Grundy would have said something inane like, “Girl… sad? Why girl cry?” as he hesitated before her and, perhaps, stared vacant-eyed at her beauty.

She might have known what he was. It is funny, but it is true. Out of the entire town, only she could have been smart and informed enough to recognize that this juvenile creature was akin to the nightmare, because she read so much. She was something of an intellectual. How shall I put it? She was a Heather Locklear body carrying a Diane Sawyer mind. She knew about the heroes. What did she call them? Men of menace? No. Mystery-men. Yes, she loved the mystery-men with their easy charm and rugged good looks. She liked their colorful costumes and broad shoulders. She enjoyed their cavalier ways and devil-may-care manners.
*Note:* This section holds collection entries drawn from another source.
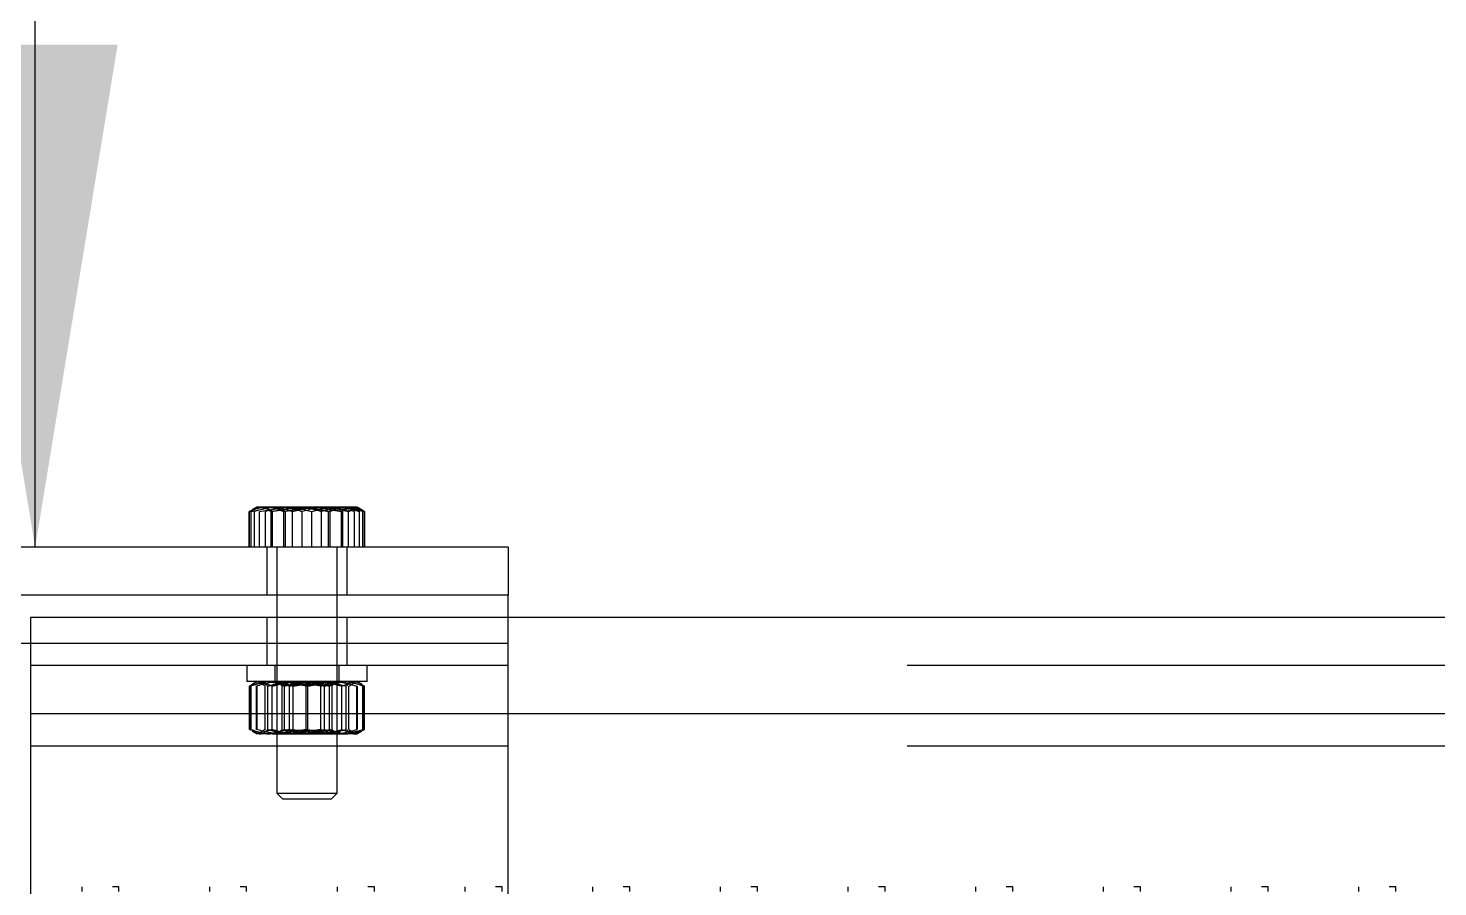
# Model space of a CAD drawing. Header units: metres. Extents: x 0 to 21025, y 0 to 14850.
# Drawn here: x 5540.3 to 5680.5, y 9309.4 to 9394.8 of the extents above; entities that cross this region are included whole.
import ezdxf

# ---------------------------------------------------------------- set-up
doc = ezdxf.new("R2010")
doc.units = ezdxf.units.M
doc.header["$LTSCALE"] = 25
doc.linetypes.add('HIDDEN2', pattern=[4.7625, 3.175, -1.5875])
for name, color, linetype in [('SDM', 7, 'Continuous'), ('SL4', 4, 'Continuous'), ('ST1', 7, 'HIDDEN2')]:
    doc.layers.add(name, color=color, linetype=linetype)
doc.styles.add('ROMANS', font='ROMANS.SHX')
doc.dimstyles.new('25___1-25', dxfattribs={"dimscale": 25, "dimtxt": 2.5, "dimasz": 2, "dimexe": 1.5, "dimexo": 1, "dimgap": 0.5, "dimtad": 1, "dimzin": 12, "dimtxsty": 'ROMANS', "dimcen": 0, "dimclrd": 256, "dimclre": 256, "dimclrt": 3, "dimazin": 3, "dimtfac": 1, "dimtmove": 0, "dimatfit": 0, "dimfxl": 1, "dimlwd": -1, "dimlwe": -1, "dimarcsym": 0})

msp = doc.modelspace()

# ---------------------------------------------------------------- linework, layer by layer
at = {"layer": 'SL4'}
for p, q in [((5562.45, 9346.699), (5564.507, 9347.146)), ((5562.849, 9346.963), (5562.45, 9346.699)), ((5562.811, 9347.029), (5562.59, 9346.901)), ((5563.014, 9347.146), (5562.811, 9347.029)), ((5564.507, 9347.146), (5563.014, 9347.146)), ((5569.347, 9347.146), (5564.507, 9347.146)), ((5572.854, 9347.146), (5569.347, 9347.146)), ((5572.13, 9346.699), (5572.854, 9347.146)), ((5573.014, 9347.146), (5572.854, 9347.146)), ((5573.217, 9347.029), (5573.014, 9347.146)), ((5562.277, 9343.146), (5562.277, 9346.699)), ((5562.3, 9343.146), (5562.3, 9346.699)), ((5562.45, 9343.146), (5562.45, 9346.699)), ((5566.565, 9343.146), (5566.565, 9346.699)), ((5572.13, 9343.146), (5572.13, 9346.699)), ((5573.579, 9343.146), (5573.579, 9346.699)), ((5573.728, 9343.146), (5573.728, 9346.699)), ((5573.751, 9343.146), (5573.751, 9346.699)), ((5588.014, 9343.146), (5488.014, 9343.146)), ((5588.014, 9343.146), (5588.014, 9338.384)), ((5588.014, 9338.384), (5488.014, 9338.384)), ((5565.014, 9338.384), (5565.014, 9336.149)), ((5571.014, 9336.149), (5571.014, 9338.384)), ((5588.014, 9336.149), (5588.014, 9338.384)), ((5540.514, 9336.149), (5540.514, 9326.624)), ((6490.517, 9336.149), (5540.514, 9336.149)), ((5535.514, 9333.621), (5540.514, 9333.621)), ((5540.514, 9326.624), (5540.514, 9261.149)), ((5540.514, 9326.624), (6330.277, 9326.624))]:
    msp.add_line(p, q, dxfattribs=at)
for points, knots in [([(5564.507, 9347.146), (5564.556, 9347.146), (5565.251, 9347.139), (5565.932, 9346.911), (5566.565, 9346.699)], [0, 0, 0, 0, 0.0702006, 1, 1, 1, 1]), ([(5566.565, 9346.699), (5567.27, 9346.882), (5568.188, 9347.12), (5569.129, 9347.141), (5569.347, 9347.146)], [0, 0, 0, 0, 0.7681507, 1, 1, 1, 1]), ([(5569.347, 9347.146), (5570.091, 9347.09), (5571.033, 9347.018), (5571.938, 9346.755), (5572.13, 9346.699)], [0, 0, 0, 0, 0.7889992, 1, 1, 1, 1]), ([(5572.854, 9347.146), (5572.871, 9347.146), (5573.116, 9347.139), (5573.356, 9346.911), (5573.579, 9346.699)], [0, 0, 0, 0, 0.0702006, 1, 1, 1, 1])]:
    msp.add_open_spline(points, degree=3, knots=knots, dxfattribs=at)
at = {"layer": 'ST1'}
for p, q in [((5562.577, 9346.842), (5562.277, 9346.699)), ((5562.59, 9346.901), (5562.559, 9346.884)), ((5563.279, 9346.699), (5565.894, 9347.146)), ((5564.443, 9346.699), (5567.3, 9347.146)), ((5566.726, 9347.056), (5564.585, 9346.699)), ((5565.706, 9346.699), (5568.073, 9347.068)), ((5570.322, 9346.699), (5567.955, 9347.068)), ((5571.586, 9346.699), (5568.728, 9347.146)), ((5569.302, 9347.056), (5571.443, 9346.699)), ((5572.749, 9346.699), (5570.135, 9347.146)), ((5573.579, 9346.699), (5571.521, 9347.146)), ((5572.373, 9347.059), (5572.037, 9347.146)), ((5572.996, 9347.146), (5573.014, 9347.146)), ((5573.438, 9346.901), (5573.217, 9347.029)), ((5573.469, 9346.884), (5573.438, 9346.901)), ((5562.277, 9346.699), (5562.426, 9346.738)), ((5562.3, 9346.699), (5562.628, 9346.836)), ((5562.786, 9343.146), (5562.786, 9346.699)), ((5563.279, 9343.146), (5563.279, 9346.699)), ((5563.899, 9343.146), (5563.899, 9346.699)), ((5564.443, 9343.146), (5564.443, 9346.699)), ((5564.585, 9343.146), (5564.585, 9346.699)), ((5565.706, 9343.146), (5565.706, 9346.699)), ((5565.871, 9343.146), (5565.871, 9346.699)), ((5567.52, 9343.146), (5567.52, 9346.699)), ((5568.508, 9343.146), (5568.508, 9346.699)), ((5569.463, 9343.146), (5569.463, 9346.699)), ((5570.157, 9343.146), (5570.157, 9346.699)), ((5570.322, 9343.146), (5570.322, 9346.699)), ((5571.443, 9343.146), (5571.443, 9346.699)), ((5571.586, 9343.146), (5571.586, 9346.699)), ((5572.749, 9343.146), (5572.749, 9346.699)), ((5573.243, 9343.146), (5573.243, 9346.699)), ((5573.728, 9346.699), (5573.4, 9346.836)), ((5564.014, 9343.146), (5564.014, 9338.384)), ((5565.014, 9343.146), (5565.014, 9338.384)), ((5571.014, 9338.384), (5571.014, 9343.146)), ((5572.014, 9338.384), (5572.014, 9343.146)), ((5564.014, 9336.149), (5564.014, 9331.386)), ((5565.014, 9336.149), (5565.014, 9318.701)), ((5571.014, 9318.701), (5571.014, 9336.149)), ((5572.014, 9331.386), (5572.014, 9336.149)), ((5588.014, 9333.621), (5588.014, 9336.149)), ((5488.014, 9333.621), (5588.014, 9333.621)), ((5540.514, 9333.621), (5588.014, 9333.621)), ((5588.014, 9261.149), (5588.014, 9333.621)), ((6540.514, 9331.386), (5540.514, 9331.386)), ((5562.014, 9331.386), (5562.014, 9329.786)), ((5564.814, 9331.386), (5564.814, 9329.786)), ((5571.214, 9329.786), (5571.214, 9331.386)), ((5574.014, 9329.786), (5574.014, 9331.386)), ((5569.614, 9329.786), (5562.014, 9329.786)), ((5562.284, 9329.339), (5564.024, 9329.786)), ((5562.284, 9325.033), (5562.284, 9329.339)), ((5562.375, 9325.033), (5562.375, 9329.339)), ((5562.467, 9325.033), (5562.467, 9329.339)), ((5563.014, 9329.786), (5562.553, 9329.52)), ((5562.977, 9325.033), (5562.977, 9329.339)), ((5563.052, 9325.033), (5563.052, 9329.339)), ((5563.855, 9329.339), (5563.161, 9329.786)), ((5564.535, 9329.339), (5563.41, 9329.786)), ((5563.855, 9325.033), (5563.855, 9329.339)), ((5564.122, 9325.033), (5564.122, 9329.339)), ((5566.267, 9329.339), (5564.321, 9329.786)), ((5564.535, 9325.033), (5564.535, 9329.339)), ((5565.014, 9329.786), (5565.514, 9329.436)), ((5567.94, 9329.339), (5565.459, 9329.786)), ((5567.707, 9329.436), (5565.514, 9329.436)), ((5565.514, 9329.436), (5565.514, 9324.962)), ((5565.764, 9325.033), (5565.764, 9329.339)), ((5566.267, 9325.033), (5566.267, 9329.339)), ((5566.626, 9329.339), (5569.399, 9329.786)), ((5566.626, 9325.033), (5566.626, 9329.339)), ((5569.403, 9329.339), (5566.629, 9329.786)), ((5570.514, 9329.436), (5567.707, 9329.436)), ((5567.94, 9325.033), (5567.94, 9329.339)), ((5568.088, 9329.339), (5570.57, 9329.786)), ((5568.088, 9325.033), (5568.088, 9329.339)), ((5569.403, 9325.033), (5569.403, 9329.339)), ((5574.014, 9329.786), (5569.614, 9329.786)), ((5569.761, 9329.339), (5571.707, 9329.786)), ((5569.761, 9325.033), (5569.761, 9329.339)), ((5570.265, 9325.033), (5570.265, 9329.339)), ((5570.514, 9329.436), (5571.014, 9329.786)), ((5570.514, 9324.962), (5570.514, 9329.436)), ((5571.493, 9329.339), (5572.619, 9329.786)), ((5571.493, 9325.033), (5571.493, 9329.339)), ((5571.906, 9325.033), (5571.906, 9329.339)), ((5573.744, 9329.339), (5572.004, 9329.786)), ((5572.173, 9329.339), (5572.867, 9329.786)), ((5572.173, 9325.033), (5572.173, 9329.339)), ((5572.977, 9325.033), (5572.977, 9329.339)), ((5573.476, 9329.52), (5573.014, 9329.786)), ((5573.051, 9325.033), (5573.051, 9329.339)), ((5573.562, 9325.033), (5573.562, 9329.339)), ((5573.653, 9325.033), (5573.653, 9329.339)), ((5573.744, 9325.033), (5573.744, 9329.339)), ((5540.514, 9326.624), (6330.277, 9326.624)), ((5562.284, 9325.033), (5564.024, 9324.586)), ((5562.553, 9324.853), (5563.014, 9324.586)), ((5563.41, 9324.586), (5563.014, 9324.586)), ((5563.855, 9325.033), (5563.161, 9324.586)), ((5564.535, 9325.033), (5563.41, 9324.586)), ((5567.4, 9324.586), (5563.41, 9324.586)), ((5566.267, 9325.033), (5564.321, 9324.586)), ((5565.514, 9324.962), (5565.014, 9324.611)), ((5565.014, 9324.611), (5567.646, 9324.611)), ((5565.014, 9324.611), (5565.014, 9324.586)), ((5567.94, 9325.033), (5565.459, 9324.586)), ((5565.514, 9324.962), (5570.514, 9324.962)), ((5566.626, 9325.033), (5569.399, 9324.586)), ((5569.403, 9325.033), (5566.629, 9324.586)), ((5567.4, 9324.586), (5572.004, 9324.586)), ((5567.646, 9324.611), (5571.014, 9324.611)), ((5568.088, 9325.033), (5570.57, 9324.586)), ((5569.761, 9325.033), (5571.707, 9324.586)), ((5571.014, 9324.611), (5570.514, 9324.962)), ((5571.014, 9324.586), (5571.014, 9324.611)), ((5571.493, 9325.033), (5572.619, 9324.586)), ((5573.744, 9325.033), (5572.004, 9324.586)), ((5573.014, 9324.586), (5572.004, 9324.586)), ((5572.173, 9325.033), (5572.867, 9324.586)), ((5573.014, 9324.586), (5573.476, 9324.853)), ((5573.445, 9324.906), (5573.744, 9325.033)), ((6540.514, 9323.386), (5540.514, 9323.386)), ((5565.014, 9318.701), (5571.014, 9318.701)), ((5565.014, 9318.701), (5565.569, 9318.146)), ((5565.569, 9318.146), (5570.46, 9318.146)), ((5570.46, 9318.146), (5571.014, 9318.701)), ((5545.623, 9309.384), (5545.623, 9308.91)), ((5549.313, 9309.384), (5548.673, 9309.384)), ((5549.313, 9308.91), (5549.313, 9309.384)), ((5558.323, 9309.384), (5558.323, 9308.91)), ((5562.013, 9309.384), (5561.373, 9309.384)), ((5562.013, 9308.91), (5562.013, 9309.384)), ((5571.023, 9309.384), (5571.023, 9308.91)), ((5574.713, 9309.384), (5574.073, 9309.384)), ((5574.713, 9308.91), (5574.713, 9309.384)), ((5583.723, 9309.384), (5583.723, 9308.91)), ((5587.413, 9309.384), (5586.773, 9309.384)), ((5587.413, 9308.91), (5587.413, 9309.384)), ((5596.423, 9309.384), (5596.423, 9308.91)), ((5600.113, 9309.384), (5599.473, 9309.384)), ((5600.113, 9308.91), (5600.113, 9309.384)), ((5609.123, 9309.384), (5609.123, 9308.91)), ((5612.813, 9309.384), (5612.173, 9309.384)), ((5612.813, 9308.91), (5612.813, 9309.384)), ((5621.823, 9309.384), (5621.823, 9308.91)), ((5625.513, 9309.384), (5624.873, 9309.384)), ((5625.513, 9308.91), (5625.513, 9309.384)), ((5634.523, 9309.384), (5634.523, 9308.91)), ((5638.213, 9309.384), (5637.573, 9309.384)), ((5638.213, 9308.91), (5638.213, 9309.384)), ((5647.223, 9309.384), (5647.223, 9308.91)), ((5650.913, 9309.384), (5650.273, 9309.384)), ((5650.913, 9308.91), (5650.913, 9309.384)), ((5659.922, 9309.384), (5659.922, 9308.91)), ((5663.612, 9309.384), (5662.973, 9309.384)), ((5663.612, 9308.91), (5663.612, 9309.384)), ((5672.622, 9309.384), (5672.622, 9308.91)), ((5676.312, 9309.384), (5675.673, 9309.384)), ((5676.312, 9308.91), (5676.312, 9309.384))]:
    msp.add_line(p, q, dxfattribs=at)
for points, knots in [([(5564.086, 9347.146), (5563.945, 9347.141), (5563.341, 9347.12), (5562.752, 9346.882), (5562.3, 9346.699)], [0, 0, 0, 0, 0.2318493, 1, 1, 1, 1]), ([(5565.153, 9347.146), (5564.967, 9347.141), (5564.166, 9347.12), (5563.385, 9346.882), (5562.786, 9346.699)], [0, 0, 0, 0, 0.23184927, 1, 1, 1, 1]), ([(5563.174, 9347.146), (5563.157, 9347.146), (5563.047, 9347.146), (5562.94, 9347.047), (5562.849, 9346.963)], [0, 0, 0, 0, 0.156682, 1, 1, 1, 1]), ([(5563.431, 9347.146), (5563.34, 9347.146), (5563.16, 9347.145), (5562.984, 9347.044), (5562.896, 9346.994)], [0, 0, 0, 0, 0.5023667, 1, 1, 1, 1]), ([(5563.371, 9347.146), (5563.397, 9347.146), (5563.759, 9347.139), (5564.113, 9346.911), (5564.443, 9346.699)], [0, 0, 0, 0, 0.0702006, 1, 1, 1, 1]), ([(5564.585, 9346.699), (5564.506, 9346.755), (5564.13, 9347.018), (5563.739, 9347.09), (5563.431, 9347.146)], [0, 0, 0, 0, 0.21100076, 1, 1, 1, 1]), ([(5566.681, 9347.146), (5566.463, 9347.141), (5565.521, 9347.12), (5564.604, 9346.882), (5563.899, 9346.699)], [0, 0, 0, 0, 0.2318493, 1, 1, 1, 1]), ([(5563.992, 9347.146), (5564.032, 9347.146), (5564.611, 9347.139), (5565.179, 9346.911), (5565.706, 9346.699)], [0, 0, 0, 0, 0.0702006, 1, 1, 1, 1]), ([(5565.871, 9346.699), (5565.749, 9346.755), (5565.167, 9347.018), (5564.563, 9347.09), (5564.086, 9347.146)], [0, 0, 0, 0, 0.2110008, 1, 1, 1, 1]), ([(5567.52, 9346.699), (5567.358, 9346.755), (5566.587, 9347.018), (5565.785, 9347.09), (5565.153, 9347.146)], [0, 0, 0, 0, 0.2110008, 1, 1, 1, 1]), ([(5568.728, 9347.146), (5568.661, 9347.146), (5567.696, 9347.139), (5566.75, 9346.911), (5565.871, 9346.699)], [0, 0, 0, 0, 0.0702006, 1, 1, 1, 1]), ([(5565.894, 9347.146), (5565.956, 9347.146), (5566.839, 9347.139), (5567.704, 9346.911), (5568.508, 9346.699)], [0, 0, 0, 0, 0.07020058, 1, 1, 1, 1]), ([(5569.463, 9346.699), (5569.272, 9346.755), (5568.366, 9347.018), (5567.424, 9347.09), (5566.681, 9347.146)], [0, 0, 0, 0, 0.21100076, 1, 1, 1, 1]), ([(5567.3, 9347.146), (5567.368, 9347.146), (5568.332, 9347.139), (5569.278, 9346.911), (5570.157, 9346.699)], [0, 0, 0, 0, 0.0702006, 1, 1, 1, 1]), ([(5570.135, 9347.146), (5570.073, 9347.146), (5569.19, 9347.139), (5568.325, 9346.911), (5567.52, 9346.699)], [0, 0, 0, 0, 0.0702006, 1, 1, 1, 1]), ([(5568.508, 9346.699), (5569.108, 9346.882), (5569.889, 9347.12), (5570.69, 9347.141), (5570.875, 9347.146)], [0, 0, 0, 0, 0.7681507, 1, 1, 1, 1]), ([(5571.521, 9347.146), (5571.472, 9347.146), (5570.777, 9347.139), (5570.096, 9346.911), (5569.463, 9346.699)], [0, 0, 0, 0, 0.0702006, 1, 1, 1, 1]), ([(5570.157, 9346.699), (5570.609, 9346.882), (5571.198, 9347.12), (5571.803, 9347.141), (5571.943, 9347.146)], [0, 0, 0, 0, 0.76815073, 1, 1, 1, 1]), ([(5572.037, 9347.146), (5571.996, 9347.146), (5571.417, 9347.139), (5570.85, 9346.911), (5570.322, 9346.699)], [0, 0, 0, 0, 0.0702006, 1, 1, 1, 1]), ([(5570.875, 9347.146), (5571.508, 9347.09), (5572.309, 9347.018), (5573.08, 9346.755), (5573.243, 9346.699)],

So she knew about Solomon Grundy and could have told you the exact date of his cross-country terror spree in the late 1940s, and would likely have heard about this younger, somewhat smaller version of the legendary marshland monster from the recent news reports she followed closely. (*) She always liked to conceal her mind with an act of feminine weakness, because she knew the men like a dumb woman. That was smart of her. She always presented herself as exactly what the man wanted. That was wrong of me. I don’t know that for a fact. I may be coloring my memories with bitterness, since I was never what she wanted. Oh, help me! I still don’t know if she was truly innocent and loving or was always pretending to be like that! Was she dirty or as pure as snow? I can’t be sure! Even now I cannot be sure!

[(*) Editor’s note: See Junior JSA: The Junior Injustice Society.]

Grundy would have reached out and stroked her hair. His dead nervous system could not have truly allowed him to feel things like the silky texture of her hair. That was beyond his ability. Still, I bet he liked to put his hands on her! I bet he treated her like a living doll! He was so much larger than her that, to his warped perspective, she must have been like a talking, walking, living doll designed to be played with at her whim. I’m sure that she was in charge of their playtime.

She must have turned to him with that killer pout we used to joke about even as we all fell over one another to please her. She must have set that pouty lip a-trembling as he bent over her and tried to comfort her in his brute beast way! I can imagine how Kid Grundy responded to her tenderness, for she knew how to be tender! Break my very heart, she knew how to be tender!

He would have held her and tried to soothe her tears and her fears, and, all the while, he would have grasped at the faint but powerful notion that here was someone he could relate to. Here, he had found a girl who was like him. They were apart from others. They had no one but each other. I just bet that deluded swamp thing must have imagined that love had come into his wet and sticky world at last!

Deena would have taken him by the hand and led him out of the glade. They would have waited until night. How stupid I was to think all those years that, when night came, my Deena was inside! I knew she had no car, and I was numb enough with love and blind passion to think that vital and vibrant female thing was sitting meekly in her room while I was in my own pining for her! Still, she would have known the ways of night, and she would have taken him home after the shadows had lengthened and the night was still.

I bet the sweet sound of crickets filled the night sky as she spoke to him in her honey-sweet tones and told him that they had made her cry again. They had hurt her. They hated her. They wanted her dead. Oh, she could pull it off like a homespun Jessica Lange. She could bet those eyes and put that little break in her voice that said exactly what she wanted it to say without truly saying anything! She would try to change the topic. She would try to talk about his pain and assure him that she would do anything to help him.